# WHAT THE TASK ASKS:
Take the listing from its first line through the line that contains "I_Bus : Inport" and please retype those lines exactly, leaving out the pictures.

(Beginning of MATERIAL SHOWN)

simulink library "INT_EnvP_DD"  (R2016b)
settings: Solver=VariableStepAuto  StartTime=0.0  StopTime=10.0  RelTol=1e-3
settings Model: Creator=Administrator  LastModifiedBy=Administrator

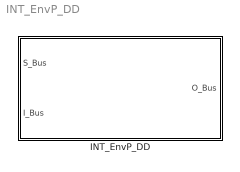
== system INT_EnvP_DD ==
  INT_EnvP_DD : Subsystem

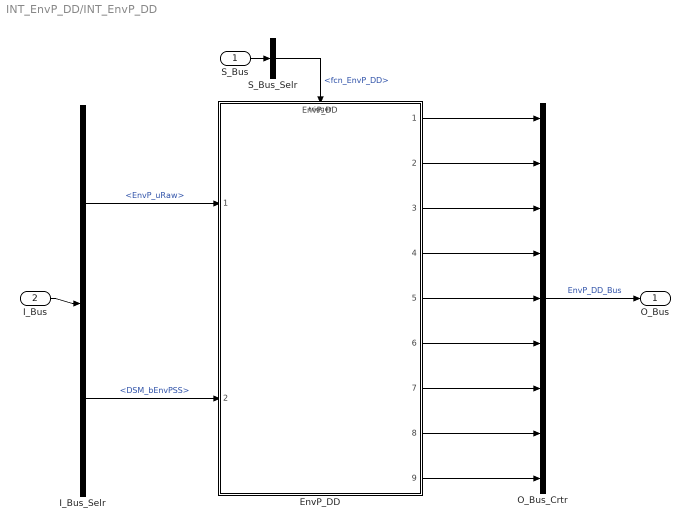
== system INT_EnvP_DD/INT_EnvP_DD ==
  S_Bus : Inport
  I_Bus : Inport  Port=2
  EnvP_DD : ModelReference  ModelNameDialog=EnvP_DD  SimulationMode=Normal  ModelReferenceVersion=1.8  TriggerPortName=function  TriggerPortTriggerType=function-call  TriggerPortStatesWhenEnabling=held
  I_Bus_Selr : BusSelector  OutputSignals=EnvP_uRaw,DSM_bEnvPSS
  O_Bus_Crtr : BusCreator  Inputs=9
  S_Bus_Selr : BusSelector  OutputSignals=fcn_EnvP_DD
  O_Bus : Outport
  wires:
  S_Bus_Selr/1 -> EnvP_DD/Trigger  "<fcn_EnvP_DD>"
  S_Bus/1 -> S_Bus_Selr/1
  I_Bus/1 -> I_Bus_Selr/1
  I_Bus_Selr/1 -> EnvP_DD/1  "<EnvP_uRaw>"
  I_Bus_Selr/2 -> EnvP_DD/2  "<DSM_bEnvPSS>"
  O_Bus_Crtr/1 -> O_Bus/1  "EnvP_DD_Bus"
  EnvP_DD/1 -> O_Bus_Crtr/1
  EnvP_DD/2 -> O_Bus_Crtr/2
  EnvP_DD/3 -> O_Bus_Crtr/3
  EnvP_DD/4 -> O_Bus_Crtr/4
  EnvP_DD/5 -> O_Bus_Crtr/5
  EnvP_DD/6 -> O_Bus_Crtr/6
  EnvP_DD/7 -> O_Bus_Crtr/7
  EnvP_DD/8 -> O_Bus_Crtr/8
  EnvP_DD/9 -> O_Bus_Crtr/9
simulink model "VCMGCM1962020b_v2"  (R2020b)
settings: Solver=FixedStepDiscrete  StartTime=0.0  StopTime=10.0  FixedStep=0.005  RelTol=1e-3  EnableMultiTasking=on
PreLoadFcn:
  | try, model_open; catch, disp('Error occurred while executing model pre-load callback: model_open.m'); disp('Please assure that the MATLAB working directory is set to the model directory before opening.'); end
InitFcn:
  | try, model_open; catch, end
undefined symbols (not defined in the file): Bridge, GCM, H, raptor_get_param_eval, raptor_get_safe_string, raptor_xcp_function
libraries: Blocks_lib x1165, Raptor_lib x665, simulink x62, VCM_lib x5
(part 17 of 23)

== system VCMGCM1962020b_v2/Fgnd/Control/Drive Inverter/Motor Torque Request/Inverter//Motor Limit & Request/Inverter Current Limit ==
  Split : Inport
  Bus Selector : BusSelector  OutputSignals=DrvInvtrMCLSplit [A],DrvInvtrGCLSplit [A]
  BusCreator : BusCreator  Inputs=2
  Header : Blocks_lib/Header  width=Portrait  addtext=''
  MinMax : MinMax  Inputs=2
  MinMax1 : MinMax  Inputs=2
  raptor_adjustment : Raptor_lib/Data Storage/raptor_adjustment  paramName=[invtrnam 'MCL']  nameSource=Parameter  initValue=0  dataType=double  storage=Calibration  calDispType=Number  calEnum={'Disabled', 'Enabled'}  calGain=1  calOffset=0  calMax=inf  calMin=-inf  calFormat=''  calUnit='A'  calHelp='Inverter motoring current limit'  calAccess=1  calFunction=group  calDispHeaders=off  calColHeaders={'Col1' 'Col2' 'Col3'}  calRowHeaders={'Row1' 'Row2' 'Row3'}
      settings: SourceProductName=Raptor
  raptor_adjustment1 : Raptor_lib/Data Storage/raptor_adjustment  paramName=[invtrnam 'GCL']  nameSource=Parameter  initValue=0  dataType=double  storage=Calibration  calDispType=Number  calEnum={'Disabled', 'Enabled'}  calGain=1  calOffset=0  calMax=inf  calMin=-inf  calFormat=''  calUnit='A'  calHelp='Inverter generating current limit'  calAccess=1  calFunction=group  calDispHeaders=off  calColHeaders={'Col1' 'Col2' 'Col3'}  calRowHeaders={'Row1' 'Row2' 'Row3'}
      settings: SourceProductName=Raptor
  InvtrCurLim : Outport  VectorParamsAs1DForOutWhenUnconnected=off
  wires:
  Bus Selector/1 -> MinMax/1  "<DrvInvtrMCLSplit [A]>"
  MinMax/1 -> BusCreator/1  "DrvInvtrMCL [A]"
  MinMax1/1 -> BusCreator/2  "DrvInvtrGCL [A]"
  BusCreator/1 -> InvtrCurLim/1  "InvtrCurLim"
  raptor_adjustment/1 -> MinMax/2
  raptor_adjustment1/1 -> MinMax1/2
  Split/1 -> Bus Selector/1
  Bus Selector/2 -> MinMax1/1  "<DrvInvtrGCLSplit [A]>"

== system VCMGCM1962020b_v2/Fgnd/Control/Drive Inverter/Motor Torque Request/Inverter//Motor Limit & Request/Motor Torque Limit ==
  Data : Inport
  EnblReq : Inport  Port=2
  InvtrCurLim : Inport  Port=3
  CAN : Subsystem
  Constant : Constant  Value=double([0 0])
  Current Control : Subsystem  mask{group=[group ' | Current Control']}
  Derate Multiplier : Subsystem
  Header : Blocks_lib/Header  width=Portrait  addtext=''
  Logical Operator : Logic  Operator=NOT  Inputs=1  AllPortsSameDT=off  OutDataTypeStr=boolean
  MinMax : MinMax  Inputs=3  InputSameDT=on
  MinMax1 : MinMax  Function=max  Inputs=3  InputSameDT=on
  Multiport Switch : MultiPortSwitch  DataPortOrder=Zero-based contiguous  Inputs=2  zeroidx=on
  Mux : Mux  Inputs=2
  Product : Product  InputSameDT=on  RndMeth=Zero  OutDataTypeStr=Inherit: Same as first input
  Product1 : Product  InputSameDT=on  RndMeth=Zero  OutDataTypeStr=Inherit: Same as first input
  Saturation : Saturate  UpperLimit=inf  LowerLimit=0
  Saturation1 : Saturate  UpperLimit=0  LowerLimit=-inf
  Selector : Selector  IndexMode=Zero-based  InputPortWidth=2  IndexOptions=Index vector (dialog)  Indices=[0]  OutputSizes=1
  Selector1 : Selector  IndexMode=Zero-based  InputPortWidth=2  IndexOptions=Index vector (dialog)  Indices=[0]  OutputSizes=1
  Selector2 : Selector  IndexMode=Zero-based  InputPortWidth=2  IndexOptions=Index vector (dialog)  Indices=[0]  OutputSizes=1
  Selector4 : Selector  IndexMode=Zero-based  InputPortWidth=2  IndexOptions=Index vector (dialog)  Indices=[1]  OutputSizes=1
  Selector5 : Selector  IndexMode=Zero-based  InputPortWidth=2  IndexOptions=Index vector (dialog)  Indices=[1]  OutputSizes=1
  Selector6 : Selector  IndexMode=Zero-based  InputPortWidth=2  IndexOptions=Index vector (dialog)  Indices=[1]  OutputSizes=1
  raptor_adjustment : Raptor_lib/Data Storage/raptor_adjustment  paramName=[mtrnam 'TrqLim_cal']  nameSource=Parameter  initValue=[0 0]  dataType=double  storage=Calibration  calDispType=Number  calEnum={}  calGain=1  calOffset=0  calMax=inf  calMin=-inf  calFormat=''  calUnit='Nm'  calHelp='Motor torque limit'  calAccess=1  calFunction=group  calDispHeaders=off  calColHeaders={'Col1' 'Col2' 'Col3'}  calRowHeaders={'Row1' 'Row2' 'Row3'}
      settings: SourceProductName=Raptor
  raptor_measurement : Raptor_lib/Data Storage/raptor_measurement  paramName=[mtrnam 'TrqLim']  nameSource=Parameter  calDispType=Number  calEnum={'Disabled', 'Enabled'}  calGain=1  calOffset=0  calMax=inf  calMin=-inf  calFormat=''  calUnit='Nm'  calHelp='Motor torque limit'  calAccess=1  calFunction=group  calVisible=on
      settings: SourceProductName=Raptor
  Nm : Outport  VectorParamsAs1DForOutWhenUnconnected=off
  wires:
  Product1/1 -> Saturation1/1
  Product/1 -> Saturation/1
  MinMax1/1 -> Product1/1
  MinMax/1 -> Product/1
  Saturation/1 -> Mux/1
  Saturation1/1 -> Mux/2
  Selector/1 -> MinMax/1
  Selector1/1 -> MinMax/2
  Selector2/1 -> MinMax/3
  Selector4/1 -> MinMax1/1
  Selector5/1 -> MinMax1/2
  Selector6/1 -> MinMax1/3
  Derate Multiplier/1(multp) -> Product1/2, Product/2
  CAN/1(Nm) -> Selector5/1, Selector1/1
  Current Control/1(Nm) -> Selector6/1, Selector2/1
  Data/1 -> CAN/1(Data), Current Control/1(Data), Derate Multiplier/1(Data)
  InvtrCurLim/1 -> Current Control/2(InvtrCurLim)
  EnblReq/1 -> Logical Operator/1
  Constant/1 -> Multiport Switch/3
  Mux/1 -> Multiport Switch/2
  Logical Operator/1 -> Multiport Switch/1
  Multiport Switch/1 -> Nm/1, raptor_measurement/1
  raptor_adjustment/1 -> Selector/1, Selector4/1

== system VCMGCM1962020b_v2/Fgnd/Control/Drive Inverter/Motor Torque Request/Inverter//Motor Limit & Request/Motor Torque Request ==
  note: Commenting this out. Won't require this logic with the new battery pack
  Data : Inport
  EnblReq : Inport  Port=2
  "Split " : Inport  Port=3
  TrqLim : Inport  Port=4
  Bus Selector : BusSelector  OutputSignals=DrvMtrTrqReqSplit [Nm]
  Bus Selector1 : BusSelector  Commented=on  OutputSignals=Sensors.CAN.Batt.HVES_Stress.Allowed_Discharge_Time.Allowed_Discharge_Time [s],Sensors.CAN.Batt.HVES_Stress.Allowed_Discharge_Time.Allowed_Discharge_TimeVld [Bool]
  Gain : Gain  Gain=-1  OutDataTypeStr=Inherit: Same as input
  Gearbox Preload : Subsystem
  Header : Blocks_lib/Header  width=Portrait  addtext=''
  Multiport Switch : MultiPortSwitch  DataPortOrder=Zero-based contiguous  Inputs=2  zeroidx=on
  Product : Product
  Rate Limit : Subsystem
      settings: PortSchema="{\"entries\":[{\"content\":{\"sides\":[{\"content\":{\"connectorIds\":[\"In1\",\"In2\"]},\"type\":\"ConnectorPlacement.EquallySpacedRectSide\",\"uuid\":\"af00f5e2-70f6-4d2c-ae48-24e87ed2ccff\"},{\"content\":{\"connectorIds\":[\"Out1\"],\"side\":\"RIGHT\"},\"type\":\"ConnectorPlacement.EquallySpacedRectSide\",\"uuid\":\"fb600a98-5a76-4cae-963e-f524cd2ffe01\"},{\"content\":{\"connectorIds\":[\"In3\"],\"side\":\"TOP\"},\"type\":\"ConnectorPlacement.EquallySpacedRectSide\",\"uuid\":\"705039ed-bc03-4a19-a3ef-f4fe93e8d60f\"},{\"content\":{\"connectorIds\":[],\"side\":\"HIDDEN\"},\"type\":\"ConnectorPlacement.EquallySpacedRectSide\",\"uuid\":\"fe928874-1757-472e-ae3f-ea99466837fe\"}]},\"type\":\"ConnectorPlacement.EquallySpacedConnector\",\"uuid\":\"90dd6add-1118-4843-b39b-045bdd8d2794\"}],\"packageUris\":[\"http://schema.mathworks.com/mf0/Connector/R2020b\"],\"version\":\"1.0\"}"
  Sat : Blocks_lib/Sat  SystemSampleTime=-1  VariantActivationTime=update diagram  Latency=0  AutoFrameSizeCalculation=off
  Switch : Switch  Commented=on  Criteria=u2 > Threshold
  Unit Delay : UnitDelay  SampleTime=-1  HasFrameUpgradeWarning=on
  raptor_adjustment : Raptor_lib/Data Storage/raptor_adjustment  paramName=[mtrnam 'TrqReqPolarity']  nameSource=Parameter  initValue=0  dataType=boolean  storage=Calibration  calDispType=Number  calEnum={'Disabled', 'Enabled'}  calGain=1  calOffset=0  calMax=inf  calMin=-inf  calFormat=''  calUnit='Bool'  calHelp='Motor torque request polarity (flip to change polarity)'  calAccess=1  calFunction=group  calDispHeaders=off  calColHeaders={'Col1' 'Col2' 'Col3'}  calRowHeaders={'Row1' 'Row2' 'Row3'}
      settings: SourceProductName=Raptor
  raptor_adjustment2 : Raptor_lib/Data Storage/raptor_adjustment  Commented=on  paramName='TrqLimDfltDrtMult'  nameSource=Parameter  initValue=1  dataType=double  storage=Calibration  calDispType=Number  calEnum={'Disabled', 'Enabled'}  calGain=1  calOffset=0  calMax=inf  calMin=-inf  calFormat=''  calUnit='Multiplier'  calHelp='Default derate multiplier on torque request based on '  calAccess=1  calFunction=group  calDispHeaders=off  calColHeaders={'Col1' 'Col2' 'Col3'}  calRowHeaders={'Row1' 'Row2' 'Row3'}
      settings: SourceProductName=Raptor
  raptor_table_1d : Raptor_lib/Table Lookup/raptor_table_1d  Commented=on  dataName='DischargeTimeMultplr'  initValue=[1,1,0,0]  dataType=double  storage=Calibration  initValueX=[20,15,10,5]  dataTypeXY=double  storageXY=Calibration  calVisible=on  showTable=on  calGain=1.0  calOffset=0.0  calMax=Inf  calMin=-Inf  calFormat='-1'  calUnit=''  calHelp=''  showBreakpoint=on  dataNameX=[]  calGainX=1.0  calOffsetX=0.0  calMaxX=Inf  calMinX=-Inf  calFormatX='-1'  calUnitX=''  calHelpX=''  calAccess=1  calFunction=group  measureEnable=on  mName=[raptor_get_param_eval(gcb,'dataName'), '_Output']
      settings: SourceProductName=Raptor
  Nm : Outport  VectorParamsAs1DForOutWhenUnconnected=off
  wires:
  TrqLim/1 -> Sat/2
  "Split "/1 -> Bus Selector/1
  Gain/1 -> Multiport Switch/3
  raptor_adjustment/1 -> Multiport Switch/1
  Bus Selector/1 -> Gearbox Preload/2(TrqReq)  "<DrvMtrTrqReqSplit [Nm]>"
  Data/1 -> Bus Selector1/1, Gearbox Preload/1(Data)
  EnblReq/1 -> Rate Limit/1(EnblReq)
  Gearbox Preload/1(Nm) -> Multiport Switch/2, Gain/1
  Rate Limit/1(Nm) -> Sat/1
  Sat/1 -> Unit Delay/1, Nm/1
  Unit Delay/1 -> Rate Limit/2(TrqReq1/z)
  raptor_adjustment2/1 -> Switch/3
  raptor_table_1d/1 -> Switch/1
  Bus Selector1/2 -> Switch/2  "<Allowed_Discharge_TimeVld [Bool]>"
  Bus Selector1/1 -> raptor_table_1d/1  "<Allowed_Discharge_Time [s]>"
  Switch/1 -> Product/2
  Multiport Switch/1 -> Product/1
  Product/1 -> Rate Limit/3(TrqReq)

== system VCMGCM1962020b_v2/Fgnd/Control/Modes/Startup & Shutdown/HV System Disable/Flash Started ==
  note: Note:
      | Raptor-Cal transmits the 0x7DF UDS message before starting to flash the GCM196.
      | This code is not relevant for other modules.
  Header : Blocks_lib/Header  width=Portrait  addtext=''
  Terminator{,1..4} (5 alike) : Terminator
  UDS Msg Rxd : Subsystem
  raptor_can_rxraw : Raptor_lib/CAN/raptor_can_rxraw  canBus='CAN1'  extendedId=0  showAge=1  id=hex2dec('7DF')  idMask=hex2dec('7FF')  mailbox='UDSMsg'  queueSize=1
      settings: SourceProductName=Raptor
  raptor_can_trigger : Raptor_lib/CAN/raptor_can_trigger  mailbox='UDSMsg'  inherited=1  alwaysEnabled=1  triggerPriority=0
      settings: SourceProductName=Raptor
  raptor_data_read : Raptor_lib/Data Storage/raptor_data_read  dataName='VCMFlashStarted'  dataShape=Scalar  idxSource=Input  idxRow=1  idxCol=1
      settings: SourceProductName=Raptor
  Bool : Outport  VectorParamsAs1DForOutWhenUnconnected=off
  wires:
  raptor_can_rxraw/1 -> Terminator/1
  raptor_can_rxraw/2 -> Terminator1/1
  raptor_can_rxraw/4 -> Terminator3/1
  raptor_can_rxraw/3 -> Terminator2/1
  raptor_can_rxraw/5 -> Terminator4/1
  raptor_can_trigger/1 -> UDS Msg Rxd/Trigger
  raptor_data_read/1 -> Bool/1

== system VCMGCM1962020b_v2/Fgnd/Control/Modes/Startup & Shutdown/HV System Disable/HVSysDsblLevel1 ==
  Data : Inport
  Bus Selector : BusSelector  OutputSignals=VirtualSensors.Spd.VehSpd [kph]
  Header : Blocks_lib/Header  width=Portrait  addtext=''
  Logical Operator : Logic  OutDataTypeStr=boolean
  Logical Operator1 : Logic  Operator=NOT  OutDataTypeStr=boolean
  Relational Operator : RelationalOperator  Operator=<=  OutDataTypeStr=boolean  RndMeth=Nearest
  SetRst : Blocks_lib/SetRst  init=0
  raptor_adjustment : Raptor_lib/Data Storage/raptor_adjustment  paramName='HVSysDsblLevel1VehSpdMx'  nameSource=Parameter  initValue=0  dataType=double  storage=Calibration  calDispType=Number  calEnum={'False', 'True'}  calGain=1  calOffset=0.0  calMax=inf  calMin=-inf  calFormat=''  calUnit='kph'  calHelp='High-voltage system disable (level 1) vehicle speed maximum'  calAccess=1  calFunction=group  calDispHeaders=off  calColHeaders={'Col1' 'Col2' 'Col3'}  calRowHeaders={'Row1' 'Row2' 'Row3'}
      settings: SourceProductName=Raptor
  raptor_fault_action : Raptor_lib/Faults/raptor_fault_action  actionName='HVSysDsblLevel1'  calVisible=off  calAccess=1  calFunction='System | FaultManager | FaultAction'
      settings: SourceProductName=Raptor
  Bool : Outport  VectorParamsAs1DForOutWhenUnconnected=off
  wires:
  Data/1 -> Bus Selector/1
  SetRst/1 -> Bool/1
  Relational Operator/1 -> Logical Operator/2
  raptor_adjustment/1 -> Relational Operator/2
  Bus Selector/1 -> Relational Operator/1  "<VehSpd [kph]>"
  Logical Operator/1 -> SetRst/1
  Logical Operator1/1 -> SetRst/2
  raptor_fault_action/1 -> Logical Operator/1, Logical Operator1/1

== system VCMGCM1962020b_v2/Fgnd/Control/Modes/Startup & Shutdown/HV System Disable/Not Run Mode or Charge Plug Disconnected ==
  Data : Inport
  AND : Logic  Inputs=3  AllPortsSameDT=off  OutDataTypeStr=boolean
  Bus Selector1 : BusSelector  OutputSignals=Control.Mode.StartStop.RunMode [Bool],Sensors.Sensors.Volt.WakeChgr.WakeChgrVld [Bool],Sensors.Sensors.Volt.WakeChgr.WakeChgr [Bool]
  Header : Blocks_lib/Header  width=Portrait  addtext=''
  Unit Delay : UnitDelay  SampleTime=-1  HasFrameUpgradeWarning=on
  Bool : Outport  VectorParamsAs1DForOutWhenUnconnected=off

(End of MATERIAL SHOWN)

# RESPONSE AREA:
simulink library "INT_EnvP_DD"  (R2016b)
settings: Solver=VariableStepAuto  StartTime=0.0  StopTime=10.0  RelTol=1e-3
settings Model: Creator=Administrator  LastModifiedBy=Administrator

== system INT_EnvP_DD ==
  INT_EnvP_DD : Subsystem

== system INT_EnvP_DD/INT_EnvP_DD ==
  S_Bus : Inport
  I_Bus : Inport  Port=2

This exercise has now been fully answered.